> _Task directions_
Give back an exact copy of the lines in the records below, from the line that has "#12998 = CARTESIAN_POINT" through the line that has "#17569 = CARTESIAN_POINT", and nothing besides.

> _Dataset_
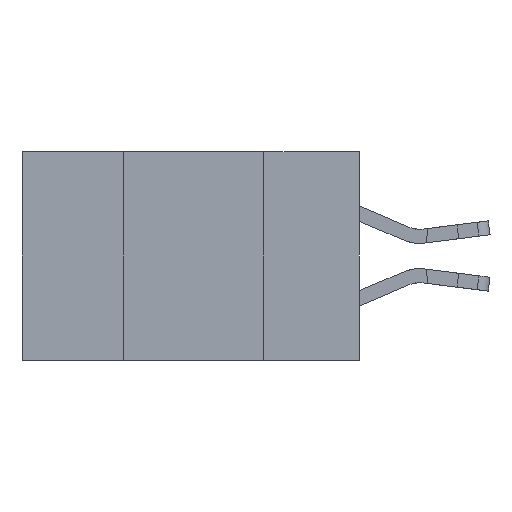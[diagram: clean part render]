
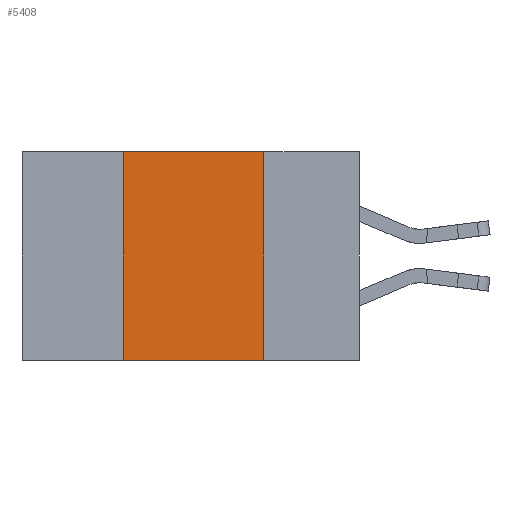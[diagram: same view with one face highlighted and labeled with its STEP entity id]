
A CAD part, left-side view. The second image highlights one B-rep face of the part: STEP entity #5408.
In plain terms, the highlighted planar face has unit normal (-1, 0, 0).
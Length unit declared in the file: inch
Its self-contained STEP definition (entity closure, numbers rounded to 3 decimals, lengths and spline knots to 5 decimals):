
#439 = LINE ( 'NONE', #17493, #10171 ) ;
#764 = DIRECTION ( 'NONE',  ( 0., 0., -1. ) ) ;
#930 = VECTOR ( 'NONE', #2016, 39.37008 ) ;
#1289 = EDGE_CURVE ( 'NONE', #5376, #19676, #14821, .T. ) ;
#1799 = CARTESIAN_POINT ( 'NONE',  ( 0., 0.42, -0.37 ) ) ;
#1995 = EDGE_LOOP ( 'NONE', ( #7376, #12566, #13175, #13764 ) ) ;
#2016 = DIRECTION ( 'NONE',  ( 0., 0., 1. ) ) ;
#3562 = EDGE_CURVE ( 'NONE', #7690, #19676, #439, .T. ) ;
#3721 = VECTOR ( 'NONE', #5712, 39.37008 ) ;
#4804 = FACE_OUTER_BOUND ( 'NONE', #1995, .T. ) ;
#5083 = DIRECTION ( 'NONE',  ( 1., 0., 0. ) ) ;
#5133 = DIRECTION ( 'NONE',  ( 0., 0., -1. ) ) ;
#5376 = VERTEX_POINT ( 'NONE', #17569 ) ;
#5408 = ADVANCED_FACE ( 'NONE', ( #4804 ), #18074, .F. ) ;
#5712 = DIRECTION ( 'NONE',  ( 0., -1., 0. ) ) ;
#5974 = CARTESIAN_POINT ( 'NONE',  ( 0., 0.42, 0. ) ) ;
#7376 = ORIENTED_EDGE ( 'NONE', *, *, #1289, .F. ) ;
#7690 = VERTEX_POINT ( 'NONE', #1799 ) ;
#8330 = EDGE_CURVE ( 'NONE', #17565, #5376, #8908, .T. ) ;
#8908 = LINE ( 'NONE', #11477, #3721 ) ;
#10171 = VECTOR ( 'NONE', #16277, 39.37008 ) ;
#11477 = CARTESIAN_POINT ( 'NONE',  ( 0., 0.6, 0. ) ) ;
#11767 = CARTESIAN_POINT ( 'NONE',  ( 0., 0.6, 0. ) ) ;
#12566 = ORIENTED_EDGE ( 'NONE', *, *, #8330, .F. ) ;
#12998 = CARTESIAN_POINT ( 'NONE',  ( 0., 0.17, -0.37 ) ) ;
#13175 = ORIENTED_EDGE ( 'NONE', *, *, #17386, .F. ) ;
#13764 = ORIENTED_EDGE ( 'NONE', *, *, #3562, .T. ) ;
#14821 = LINE ( 'NONE', #22605, #19302 ) ;
#16277 = DIRECTION ( 'NONE',  ( 0., -1., 0. ) ) ;
#17386 = EDGE_CURVE ( 'NONE', #7690, #17565, #21473, .T. ) ;
#17493 = CARTESIAN_POINT ( 'NONE',  ( 0., 0.6, -0.37 ) ) ;
#17565 = VERTEX_POINT ( 'NONE', #18249 ) ;
#17569 = CARTESIAN_POINT ( 'NONE',  ( 0., 0.17, 0. ) ) ;
#18074 = PLANE ( 'NONE',  #19142 ) ;
#18249 = CARTESIAN_POINT ( 'NONE',  ( 0., 0.42, 0. ) ) ;
#19142 = AXIS2_PLACEMENT_3D ( 'NONE', #11767, #5083, #764 ) ;
#19302 = VECTOR ( 'NONE', #5133, 39.37008 ) ;
#19676 = VERTEX_POINT ( 'NONE', #12998 ) ;
#21473 = LINE ( 'NONE', #5974, #930 ) ;
#22605 = CARTESIAN_POINT ( 'NONE',  ( 0., 0.17, 0. ) ) ;

> _The completed task_
#12998 = CARTESIAN_POINT ( 'NONE',  ( 0., 0.17, -0.37 ) ) ;
#13175 = ORIENTED_EDGE ( 'NONE', *, *, #17386, .F. ) ;
#13764 = ORIENTED_EDGE ( 'NONE', *, *, #3562, .T. ) ;
#14821 = LINE ( 'NONE', #22605, #19302 ) ;
#16277 = DIRECTION ( 'NONE',  ( 0., -1., 0. ) ) ;
#17386 = EDGE_CURVE ( 'NONE', #7690, #17565, #21473, .T. ) ;
#17493 = CARTESIAN_POINT ( 'NONE',  ( 0., 0.6, -0.37 ) ) ;
#17565 = VERTEX_POINT ( 'NONE', #18249 ) ;
#17569 = CARTESIAN_POINT ( 'NONE',  ( 0., 0.17, 0. ) ) ;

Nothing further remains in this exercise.